In a May 25 letter to the SEC, CalPERS General Counsel Peter Mixon praised the voluntary efforts by ExxonMobil and other firms to facilitate communications with shareholders. However, he urged the SEC not to replace non-binding shareholder proposals with "an unproven chat room concept that is riddled with concerns."
"It is doubtful that a chat room even with informal voting could adequately replace" non-binding proposals, which are taken seriously by companies and shareholders, Mixon wrote.
William J. Mostyn III, deputy general counsel at Bank of America, expressed concern about the staff resources that his company would have to devote to monitor an electronic forum if it was a supplement to non-binding proposals.
"I look at this as a parallel operation that would tie up my resources all year long," Mostyn told the commissioners at the May 25 roundtable. Evelyn Davis, a long-time shareholder activist, also spoke out against electronic forums. "You should not force the Internet on senior citizens and small shareholders," she said.
At the May 7 roundtable, Paul Neuhauser, a University of Iowa law professor, expressed skepticism that "serious" investors would use such a mechanism.
"To the extent it looks like an Internet chat room, it would be entirely useless," he said, citing examples of irrelevant postings that appeared on the Yahoo Finance chat room for General Electric.
Dissident Challenges
The new e-proxy rules are expected to reduce solicitation costs for dissidents as well. Dissatisfied shareholders have been using the Internet to win support for alternate proxy campaigns for at least seven years. In 2000, lawyer Les Greenberg used an online campaign to nominate himself and four other dissidents to the 12-member board at Luby's Cafeterias.

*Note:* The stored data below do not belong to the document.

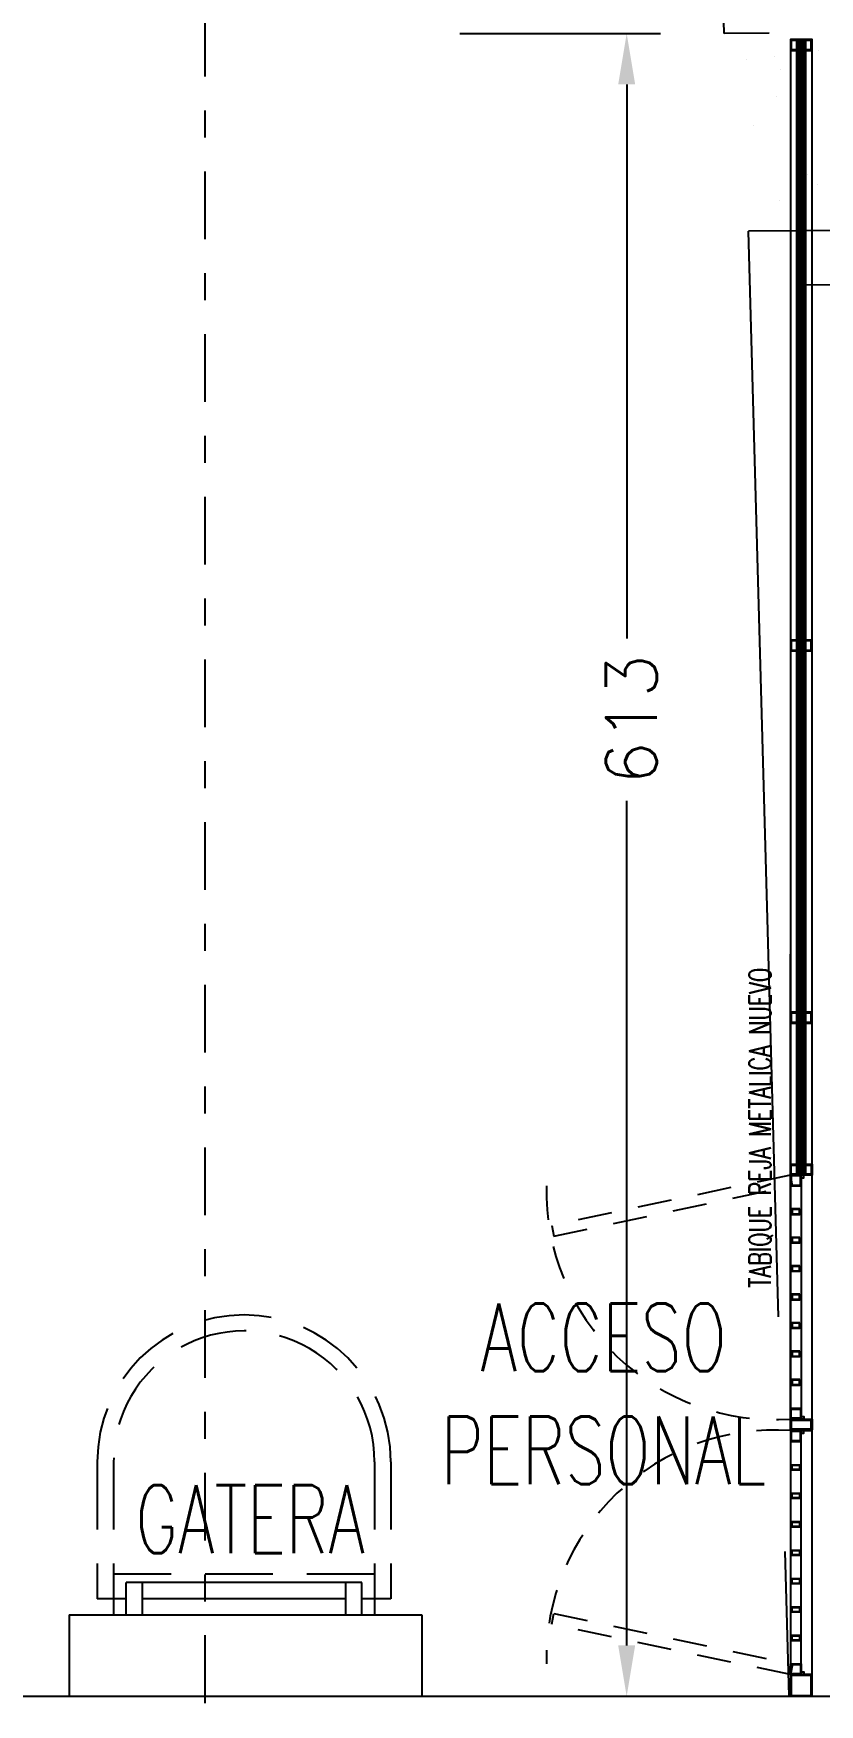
# Model space of a CAD drawing. Header units: millimetres. Extents: x 340 to 1003762, y 22 to 362022.
# Drawn here: x 411.52 to 414.42, y 106.69 to 112.85 of the extents above; entities that cross this region are included whole.
import ezdxf
from ezdxf.xclip import XClip

# ---------------------------------------------------------------- set-up
doc = ezdxf.new("R2010")
doc.units = ezdxf.units.MM
doc.header["$XCLIPFRAME"] = 0
for name, pattern in [('LSBB_P_002 - PLANTA 1° NIVEL SALA DE VENTAS$0$000_ALTILLO PROPUESTA$0$HIDDEN', [0.375, 0.25, -0.125]), ('LSBB_P_002 - PLANTA 1° NIVEL SALA DE VENTAS$0$CONTINUOS', [0]), ('LSBB_P_002 - PLANTA 1° NIVEL SALA DE VENTAS$0$DASHDOT', [1, 0.5, -0.25, 0, -0.25]), ('LSBB_P_002 - PLANTA 1° NIVEL SALA DE VENTAS$0$DASHDOT2', [0.5, 0.25, -0.125, 0, -0.125]), ('LSBB_P_002 - PLANTA 1° NIVEL SALA DE VENTAS$0$HIDDEN', [0.375, 0.25, -0.125])]:
    doc.linetypes.add(name, pattern=pattern)
for name, color, linetype in [('LSBB_P_002 - PLANTA 1° NIVEL SALA DE VENTAS$0$A-PUERTAS', 2, 'Continuous'), ('LSBB_P_002 - PLANTA 1° NIVEL SALA DE VENTAS$0$A-SE CONSTRUYE RELLENO', 10, 'LSBB_P_002 - PLANTA 1° NIVEL SALA DE VENTAS$0$CONTINUOS'), ('LSBB_P_002 - PLANTA 1° NIVEL SALA DE VENTAS$0$A-TABIQUES', 3, 'Continuous'), ('LSBB_P_002 - PLANTA 1° NIVEL SALA DE VENTAS$0$A-Textos', 2, 'Continuous'), ('LSBB_P_002 - PLANTA 1° NIVEL SALA DE VENTAS$0$AUX', 252, 'Continuous'), ('LSBB_P_002 - PLANTA 1° NIVEL SALA DE VENTAS$0$CONSTRUIDO', 7, 'Continuous'), ('LSBB_P_002 - PLANTA 1° NIVEL SALA DE VENTAS$0$COTAS 125', 2, 'Continuous'), ('LSBB_P_002 - PLANTA 1° NIVEL SALA DE VENTAS$0$EJES', 8, 'LSBB_P_002 - PLANTA 1° NIVEL SALA DE VENTAS$0$DASHDOT2'), ('LSBB_P_002 - PLANTA 1° NIVEL SALA DE VENTAS$0$ESCALERAS', 8, 'Continuous'), ('LSBB_P_002 - PLANTA 1° NIVEL SALA DE VENTAS$0$HATCH', 8, 'Continuous'), ('LSBB_P_002 - PLANTA 1° NIVEL SALA DE VENTAS$0$MUROS', 5, 'Continuous'), ('XREF', 7, 'Continuous')]:
    doc.layers.add(name, color=color, linetype=linetype)
doc.styles.add('LSBB_P_002 - PLANTA 1° NIVEL SALA DE VENTAS$0$ROMANS', font='romans')
doc.dimstyles.new('LSBB_P_002 - PLANTA 1° NIVEL SALA DE VENTAS$0$DIMENSION-125', dxfattribs={"dimscale": 125, "dimtxt": 0.0015, "dimasz": 0.0015, "dimexe": 0.001, "dimexo": 0.0005, "dimgap": 0.0005, "dimtad": 1, "dimdec": 0, "dimlfac": 100, "dimzin": 0, "dimdsep": 46, "dimtxsty": 'LSBB_P_002 - PLANTA 1° NIVEL SALA DE VENTAS$0$ROMANS', "dimcen": 0.004, "dimclrd": 4, "dimclre": 8, "dimclrt": 3, "dimadec": 0, "dimazin": 0, "dimtfac": 1, "dimtdec": 0, "dimtix": 1, "dimtofl": 0, "dimtmove": 2, "dimatfit": 3, "dimfxl": 0, "dimtolj": 1, "dimtzin": 0, "dimarcsym": 0})

# ---------------------------------------------------------------- blocks, each defined once
blk = doc.blocks.new('*X38')
at = {"color": 0}
for p, q in [((552.3488, 127.6081), (552.3488, 127.6081)), ((552.0821, 127.573), (552.0821, 127.573)), ((552.1862, 127.5867), (552.1862, 127.5867)), ((552.2086, 127.5379), (552.2086, 127.5379)), ((552.1931, 127.4387), (552.1931, 127.4387)), ((552.1083, 127.3307), (552.1083, 127.3307)), ((552.3074, 127.1483), (552.3074, 127.1483)), ((552.3443, 127.1145), (552.3443, 127.1145)), ((552.2057, 127.0533), (552.2057, 127.0533)), ((552.2665, 127.0794), (552.2665, 127.0794))]:
    blk.add_line(p, q, dxfattribs=at)
blk = doc.blocks.new('*D79')
at = {"layer": 'LSBB_P_002 - PLANTA 1° NIVEL SALA DE VENTAS$0$COTAS 125', "color": 8, "linetype": 'Continuous', "lineweight": -2, "transparency": 16777216}
for p, q in [((828.3802, 327.6741), (829.1204, 327.6741)), ((828.3802, 321.5406), (829.1204, 321.5406))]:
    blk.add_line(p, q, dxfattribs=at)
at = {"layer": 'LSBB_P_002 - PLANTA 1° NIVEL SALA DE VENTAS$0$COTAS 125', "linetype": 'Continuous', "lineweight": -2, "transparency": 16777216}
for p, q in [((828.9954, 327.4866), (828.9954, 325.4426)), ((828.9954, 321.7281), (828.9954, 324.8444))]:
    blk.add_line(p, q, dxfattribs=at)
at = {"layer": 'LSBB_P_002 - PLANTA 1° NIVEL SALA DE VENTAS$0$COTAS 125', "transparency": 16777216}
for points in [[(828.9641, 327.4866), (829.0266, 327.4866), (828.9954, 327.6741)], [(828.9641, 321.7281), (829.0266, 321.7281), (828.9954, 321.5406)]]:
    blk.add_solid(points, dxfattribs=at)
at = {"layer": 'LSBB_P_002 - PLANTA 1° NIVEL SALA DE VENTAS$0$COTAS 125', "color": 2, "transparency": 16777216, "insert": (829.0126, 325.1435), "char_height": 0.1875, "attachment_point": 5, "rotation": 90, "style": 'LSBB_P_002 - PLANTA 1° NIVEL SALA DE VENTAS$0$ROMANS'}
blk.add_mtext('\\A1;613', dxfattribs=at)
blk = doc.blocks.new('LSBB_P_002 - PLANTA 1° NIVEL SALA DE VENTAS$0$EM')
at = {"layer": 'LSBB_P_002 - PLANTA 1° NIVEL SALA DE VENTAS$0$A-PUERTAS', "color": 6, "linetype": 'LSBB_P_002 - PLANTA 1° NIVEL SALA DE VENTAS$0$HIDDEN', "ltscale": 0.5}
for points in [[(213.6763, -20.9721), (213.668, -20.9329), (212.7874, -21.1189), (212.7957, -21.158)], [(213.6763, -22.7365), (213.668, -22.7756), (212.7874, -22.5897), (212.7957, -22.5506)]]:
    blk.add_lwpolyline(points, close=True, dxfattribs=at)
at = {"layer": 'LSBB_P_002 - PLANTA 1° NIVEL SALA DE VENTAS$0$A-PUERTAS', "color": 8, "linetype": 'LSBB_P_002 - PLANTA 1° NIVEL SALA DE VENTAS$0$HIDDEN', "ltscale": 0.5}
for centre, start, end in [((213.6098, -20.9929), 178.63895, 273.96495), ((213.6098, -22.7156), 86.03505, 181.36105)]:
    blk.add_arc(centre, 0.842, start, end, dxfattribs=at)
at = {"layer": 'LSBB_P_002 - PLANTA 1° NIVEL SALA DE VENTAS$0$A-TABIQUES', "color": 6}
for points in [[(213.668, -20.8929), (213.748, -20.8929), (213.748, -20.9329), (213.668, -20.9329)], [(213.708, -20.9329), (213.668, -20.9329), (213.668, -20.9729), (213.708, -20.9729)], [(213.718, -20.9329), (213.708, -20.9329), (213.708, -20.9429), (213.718, -20.9429)], [(213.703, -21.0578), (213.673, -21.0578), (213.673, -21.0778), (213.703, -21.0778)], [(213.703, -21.1628), (213.673, -21.1628), (213.673, -21.1828), (213.703, -21.1828)], [(213.703, -21.2677), (213.673, -21.2677), (213.673, -21.2877), (213.703, -21.2877)], [(213.703, -21.3726), (213.673, -21.3726), (213.673, -21.3926), (213.703, -21.3926)], [(213.703, -21.4775), (213.673, -21.4775), (213.673, -21.4975), (213.703, -21.4975)], [(213.703, -21.5824), (213.673, -21.5824), (213.673, -21.6024), (213.703, -21.6024)], [(213.703, -21.6874), (213.673, -21.6874), (213.673, -21.7074), (213.703, -21.7074)], [(213.708, -21.8331), (213.668, -21.8331), (213.668, -21.7931), (213.708, -21.7931)], [(213.668, -21.8331), (213.748, -21.8331), (213.748, -21.8731), (213.668, -21.8731)], [(213.668, -21.8755), (213.748, -21.8755), (213.748, -21.8355), (213.668, -21.8355)], [(213.708, -21.8755), (213.668, -21.8755), (213.668, -21.9155), (213.708, -21.9155)], [(213.718, -21.8331), (213.708, -21.8331), (213.708, -21.8231), (213.718, -21.8231)], [(213.718, -21.8755), (213.708, -21.8755), (213.708, -21.8855), (213.718, -21.8855)], [(213.703, -22.0212), (213.673, -22.0212), (213.673, -22.0012), (213.703, -22.0012)], [(213.703, -22.1261), (213.673, -22.1261), (213.673, -22.1061), (213.703, -22.1061)], [(213.703, -22.2311), (213.673, -22.2311), (213.673, -22.2111), (213.703, -22.2111)], [(213.703, -22.336), (213.673, -22.336), (213.673, -22.316), (213.703, -22.316)], [(213.703, -22.4409), (213.673, -22.4409), (213.673, -22.4209), (213.703, -22.4209)], [(213.703, -22.5458), (213.673, -22.5458), (213.673, -22.5258), (213.703, -22.5258)], [(213.703, -22.6507), (213.673, -22.6507), (213.673, -22.6307), (213.703, -22.6307)], [(213.708, -22.7756), (213.668, -22.7756), (213.668, -22.7356), (213.708, -22.7356)], [(213.668, -22.8556), (213.748, -22.8556), (213.748, -22.7756), (213.668, -22.7756)], [(213.718, -22.7756), (213.708, -22.7756), (213.708, -22.7656), (213.718, -22.7656)]]:
    blk.add_lwpolyline(points, close=True, dxfattribs=at)
for points, elevation in [([(213.745, -20.9299), (213.671, -20.9299), (213.671, -20.8959), (213.745, -20.8959)], 0), ([(213.705, -20.9359), (213.671, -20.9359), (213.671, -20.9699), (213.705, -20.9699)], -0.0032), ([(213.701, -21.0598), (213.675, -21.0598), (213.675, -21.0758), (213.701, -21.0758)], 0), ([(213.701, -21.1648), (213.675, -21.1648), (213.675, -21.1808), (213.701, -21.1808)], 0), ([(213.701, -21.2697), (213.675, -21.2697), (213.675, -21.2857), (213.701, -21.2857)], 0), ([(213.701, -21.3746), (213.675, -21.3746), (213.675, -21.3906), (213.701, -21.3906)], 0), ([(213.701, -21.4795), (213.675, -21.4795), (213.675, -21.4955), (213.701, -21.4955)], 0), ([(213.701, -21.5844), (213.675, -21.5844), (213.675, -21.6004), (213.701, -21.6004)], 0), ([(213.701, -21.6894), (213.675, -21.6894), (213.675, -21.7054), (213.701, -21.7054)], 0), ([(213.705, -21.8301), (213.671, -21.8301), (213.671, -21.7961), (213.705, -21.7961)], -0.0032), ([(213.745, -21.8701), (213.671, -21.8701), (213.671, -21.8361), (213.745, -21.8361)], 0), ([(213.745, -21.8385), (213.671, -21.8385), (213.671, -21.8725), (213.745, -21.8725)], 0), ([(213.705, -21.8785), (213.671, -21.8785), (213.671, -21.9125), (213.705, -21.9125)], -0.0032), ([(213.701, -22.0192), (213.675, -22.0192), (213.675, -22.0032), (213.701, -22.0032)], 0), ([(213.701, -22.1241), (213.675, -22.1241), (213.675, -22.1081), (213.701, -22.1081)], 0), ([(213.701, -22.2291), (213.675, -22.2291), (213.675, -22.2131), (213.701, -22.2131)], 0), ([(213.701, -22.334), (213.675, -22.334), (213.675, -22.318), (213.701, -22.318)], 0), ([(213.701, -22.4389), (213.675, -22.4389), (213.675, -22.4229), (213.701, -22.4229)], 0), ([(213.701, -22.5438), (213.675, -22.5438), (213.675, -22.5278), (213.701, -22.5278)], 0), ([(213.701, -22.6487), (213.675, -22.6487), (213.675, -22.6327), (213.701, -22.6327)], 0), ([(213.705, -22.7726), (213.671, -22.7726), (213.671, -22.7386), (213.705, -22.7386)], -0.0032), ([(213.745, -22.7786), (213.671, -22.7786), (213.671, -22.8526), (213.745, -22.8526)], 0)]:
    blk.add_lwpolyline(points, close=True, dxfattribs=dict(at, elevation=elevation))
at = {"layer": 'LSBB_P_002 - PLANTA 1° NIVEL SALA DE VENTAS$0$A-TABIQUES', "color": 2}
for points in [[(213.668, -21.8331), (213.668, -20.9329), (213.708, -20.9329), (213.708, -21.8331)], [(213.668, -21.8755), (213.668, -22.7756), (213.708, -22.7756), (213.708, -21.8755)]]:
    blk.add_lwpolyline(points, close=True, dxfattribs=at)
blk = doc.blocks.new('LSBB_P_002 - PLANTA 1° NIVEL SALA DE VENTAS$0$gatera')
at = {"layer": 'LSBB_P_002 - PLANTA 1° NIVEL SALA DE VENTAS$0$AUX', "color": 9, "linetype": 'LSBB_P_002 - PLANTA 1° NIVEL SALA DE VENTAS$0$000_ALTILLO PROPUESTA$0$HIDDEN'}
for p, q in [((4627.3753, 748.1675), (4627.3753, 747.6624)), ((4627.4353, 748.1675), (4627.4353, 747.6624)), ((4628.3983, 748.1675), (4628.3983, 747.6624)), ((4628.4583, 748.1675), (4628.4583, 747.6624)), ((4628.3983, 747.7525), (4627.4353, 747.7525)), ((4627.4818, 747.6624), (4627.3753, 747.6624)), ((4628.4583, 747.6624), (4628.3518, 747.6624))]:
    blk.add_line(p, q, dxfattribs=at)
for centre, radius, start, end in [((4627.9168, 748.1675), 0.5415, 0, 180), ((4627.9168, 748.1687), 0.4815, 359.85665, 180.14335)]:
    blk.add_arc(centre, radius, start, end, dxfattribs=at)
at = {"layer": 'LSBB_P_002 - PLANTA 1° NIVEL SALA DE VENTAS$0$CONSTRUIDO', "color": 7}
for p, q in [((4627.4818, 747.6024), (4627.4818, 747.7224)), ((4628.3518, 747.7224), (4627.4818, 747.7224)), ((4627.5418, 747.6024), (4627.5418, 747.7224)), ((4628.2918, 747.6024), (4628.2918, 747.7224)), ((4628.3518, 747.6024), (4628.3518, 747.7224)), ((4627.4353, 747.6624), (4627.4353, 747.6024)), ((4628.2918, 747.6624), (4627.5418, 747.6624)), ((4628.3983, 747.6624), (4628.3983, 747.6024)), ((4627.2711, 747.6024), (4628.5726, 747.6024)), ((4627.2711, 747.6024), (4627.2711, 747.3024)), ((4628.5726, 747.6024), (4628.5726, 747.3024))]:
    blk.add_line(p, q, dxfattribs=at)
blk = doc.blocks.new('LSBB_P_002 - PLANTA 1° NIVEL SALA DE VENTAS', base_point=(223.5696, 14.2202))
at = {"layer": 'LSBB_P_002 - PLANTA 1° NIVEL SALA DE VENTAS$0$A-SE CONSTRUYE RELLENO', "const_width": 0.04}
blk.add_lwpolyline([(829.6394, 323.4634), (829.6394, 327.6523)], dxfattribs=at)
at = {"layer": 'LSBB_P_002 - PLANTA 1° NIVEL SALA DE VENTAS$0$A-TABIQUES', "color": 2}
blk.add_lwpolyline([(829.5994, 327.652), (829.5994, 321.5406), (829.6794, 321.5406), (829.6794, 327.6526)], dxfattribs=at)
at = {"layer": 'LSBB_P_002 - PLANTA 1° NIVEL SALA DE VENTAS$0$A-TABIQUES', "color": 6}
for points in [[(829.5994, 327.612), (829.6794, 327.612), (829.6794, 327.652), (829.5994, 327.652)], [(829.5994, 325.3967), (829.6794, 325.3967), (829.6794, 325.4367), (829.5994, 325.4367)], [(829.5994, 324.0238), (829.6794, 324.0238), (829.6794, 324.0638), (829.5994, 324.0638)]]:
    blk.add_lwpolyline(points, close=True, dxfattribs=at)
at = {"layer": 'LSBB_P_002 - PLANTA 1° NIVEL SALA DE VENTAS$0$A-TABIQUES', "color": 6, "elevation": 0}
for points in [[(829.6764, 327.649), (829.6024, 327.649), (829.6024, 327.615), (829.6764, 327.615)], [(829.6244, 327.5274), (829.6544, 327.5274), (829.6544, 327.5474), (829.6244, 327.5474)], [(829.6524, 327.5454), (829.6264, 327.5454), (829.6264, 327.5294), (829.6524, 327.5294)], [(829.6244, 327.4174), (829.6544, 327.4174), (829.6544, 327.4374), (829.6244, 327.4374)], [(829.6524, 327.4354), (829.6264, 327.4354), (829.6264, 327.4194), (829.6524, 327.4194)], [(829.6244, 327.3074), (829.6544, 327.3074), (829.6544, 327.3274), (829.6244, 327.3274)], [(829.6524, 327.3254), (829.6264, 327.3254), (829.6264, 327.3094), (829.6524, 327.3094)], [(829.6244, 327.1974), (829.6544, 327.1974), (829.6544, 327.2174), (829.6244, 327.2174)], [(829.6524, 327.2154), (829.6264, 327.2154), (829.6264, 327.1994), (829.6524, 327.1994)], [(829.6244, 327.0874), (829.6544, 327.0874), (829.6544, 327.1074), (829.6244, 327.1074)], [(829.6524, 327.1054), (829.6264, 327.1054), (829.6264, 327.0894), (829.6524, 327.0894)], [(829.6244, 326.9774), (829.6544, 326.9774), (829.6544, 326.9974), (829.6244, 326.9974)], [(829.6524, 326.9954), (829.6264, 326.9954), (829.6264, 326.9794), (829.6524, 326.9794)], [(829.6244, 326.8674), (829.6544, 326.8674), (829.6544, 326.8874), (829.6244, 326.8874)], [(829.6524, 326.8854), (829.6264, 326.8854), (829.6264, 326.8694), (829.6524, 326.8694)], [(829.6244, 326.7574), (829.6544, 326.7574), (829.6544, 326.7774), (829.6244, 326.7774)], [(829.6524, 326.7754), (829.6264, 326.7754), (829.6264, 326.7594), (829.6524, 326.7594)], [(829.6244, 326.6474), (829.6544, 326.6474), (829.6544, 326.6674), (829.6244, 326.6674)], [(829.6524, 326.6654), (829.6264, 326.6654), (829.6264, 326.6494), (829.6524, 326.6494)], [(829.6244, 326.5374), (829.6544, 326.5374), (829.6544, 326.5574), (829.6244, 326.5574)], [(829.6524, 326.5554), (829.6264, 326.5554), (829.6264, 326.5394), (829.6524, 326.5394)], [(829.6244, 326.4274), (829.6544, 326.4274), (829.6544, 326.4474), (829.6244, 326.4474)], [(829.6524, 326.4454), (829.6264, 326.4454), (829.6264, 326.4294), (829.6524, 326.4294)], [(829.6244, 326.3174), (829.6544, 326.3174), (829.6544, 326.3374), (829.6244, 326.3374)], [(829.6524, 326.3354), (829.6264, 326.3354), (829.6264, 326.3194), (829.6524, 326.3194)], [(829.6244, 326.2074), (829.6544, 326.2074), (829.6544, 326.2274), (829.6244, 326.2274)], [(829.6524, 326.2254), (829.6264, 326.2254), (829.6264, 326.2094), (829.6524, 326.2094)], [(829.6244, 326.0974), (829.6544, 326.0974), (829.6544, 326.1174), (829.6244, 326.1174)], [(829.6524, 326.1154), (829.6264, 326.1154), (829.6264, 326.0994), (829.6524, 326.0994)], [(829.6244, 325.9874), (829.6544, 325.9874), (829.6544, 326.0074), (829.6244, 326.0074)], [(829.6524, 326.0054), (829.6264, 326.0054), (829.6264, 325.9894), (829.6524, 325.9894)], [(829.6244, 325.8774), (829.6544, 325.8774), (829.6544, 325.8974), (829.6244, 325.8974)], [(829.6524, 325.8954), (829.6264, 325.8954), (829.6264, 325.8794), (829.6524, 325.8794)], [(829.6244, 325.7674), (829.6544, 325.7674), (829.6544, 325.7874), (829.6244, 325.7874)], [(829.6524, 325.7854), (829.6264, 325.7854), (829.6264, 325.7694), (829.6524, 325.7694)], [(829.6244, 325.6574), (829.6544, 325.6574), (829.6544, 325.6774), (829.6244, 325.6774)], [(829.6524, 325.6754), (829.6264, 325.6754), (829.6264, 325.6594), (829.6524, 325.6594)], [(829.6244, 325.5474), (829.6544, 325.5474), (829.6544, 325.5674), (829.6244, 325.5674)], [(829.6524, 325.5654), (829.6264, 325.5654), (829.6264, 325.5494), (829.6524, 325.5494)], [(829.6764, 325.4337), (829.6024, 325.4337), (829.6024, 325.3997), (829.6764, 325.3997)], [(829.6244, 325.4374), (829.6544, 325.4374), (829.6544, 325.4574), (829.6244, 325.4574)], [(829.6524, 325.4554), (829.6264, 325.4554), (829.6264, 325.4394), (829.6524, 325.4394)], [(829.6244, 325.3174), (829.6544, 325.3174), (829.6544, 325.3374), (829.6244, 325.3374)], [(829.6524, 325.3354), (829.6264, 325.3354), (829.6264, 325.3194), (829.6524, 325.3194)], [(829.6244, 325.2074), (829.6544, 325.2074), (829.6544, 325.2274), (829.6244, 325.2274)], [(829.6524, 325.2254), (829.6264, 325.2254), (829.6264, 325.2094), (829.6524, 325.2094)], [(829.6244, 325.0974), (829.6544, 325.0974), (829.6544, 325.1174), (829.6244, 325.1174)], [(829.6524, 325.1154), (829.6264, 325.1154), (829.6264, 325.0994), (829.6524, 325.0994)], [(829.6244, 324.9874), (829.6544, 324.9874), (829.6544, 325.0074), (829.6244, 325.0074)], [(829.6524, 325.0054), (829.6264, 325.0054), (829.6264, 324.9894), (829.6524, 324.9894)], [(829.6244, 324.8774), (829.6544, 324.8774), (829.6544, 324.8974), (829.6244, 324.8974)], [(829.6524, 324.8954), (829.6264, 324.8954), (829.6264, 324.8794), (829.6524, 324.8794)], [(829.6244, 324.7674), (829.6544, 324.7674), (829.6544, 324.7874), (829.6244, 324.7874)], [(829.6524, 324.7854), (829.6264, 324.7854), (829.6264, 324.7694), (829.6524, 324.7694)], [(829.6244, 324.6574), (829.6544, 324.6574), (829.6544, 324.6774), (829.6244, 324.6774)], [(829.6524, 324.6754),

Greenberg attracted supporters through postings on a Yahoo online message board, including some former members of Luby's management, according to The Wall Street Journal. Greenberg said his nominees won 24 percent of the vote and received significant support for two of their proposals.
In 2005, Alaska Air dissidents tried to conduct an all-online proxy contest. They posted their alternate proxy card on the Internet and urged shareholders to scratch out the names of the incumbent directors and replace them with the dissidents'--a sort of "write-in" campaign. The bid was defeated when the New York Stock Exchange ruled that the dissidents had not physically mailed proxy cards to enough shareholders to make it a legitimately contested election. The new e-proxy rules will officially open the online avenue to dissidents.
This season, investor Eric Jackson is using several online methods to enlist support for his "vote no" campaign at Yahoo. Jackson, CEO of consulting firm Jackson Leadership, maintains a blog about Yahoo called Breakout Performance and has posted several video appeals to shareholders on streaming video site YouTube (now owned by Yahoo rival Google).
Jackson told Governance Weekly that he received several responses--many from current and former Yahoo employees--when he posted a blog entry in January speculating that Yahoo's financial recovery had more to do with market conditions than with CEO Terry Semel's leadership.
"It became clear to me that it was kind of an emotional topic," Jackson said.
Jackson, who says he has the support of investors who own about 0.2 percent of Yahoo's voting shares, said he expects significant withhold votes against seven of the company's 10 directors.
*This article appeared in the June 7 edition of Governance Weekly. Director of Publications Ted Allen contributed to this article.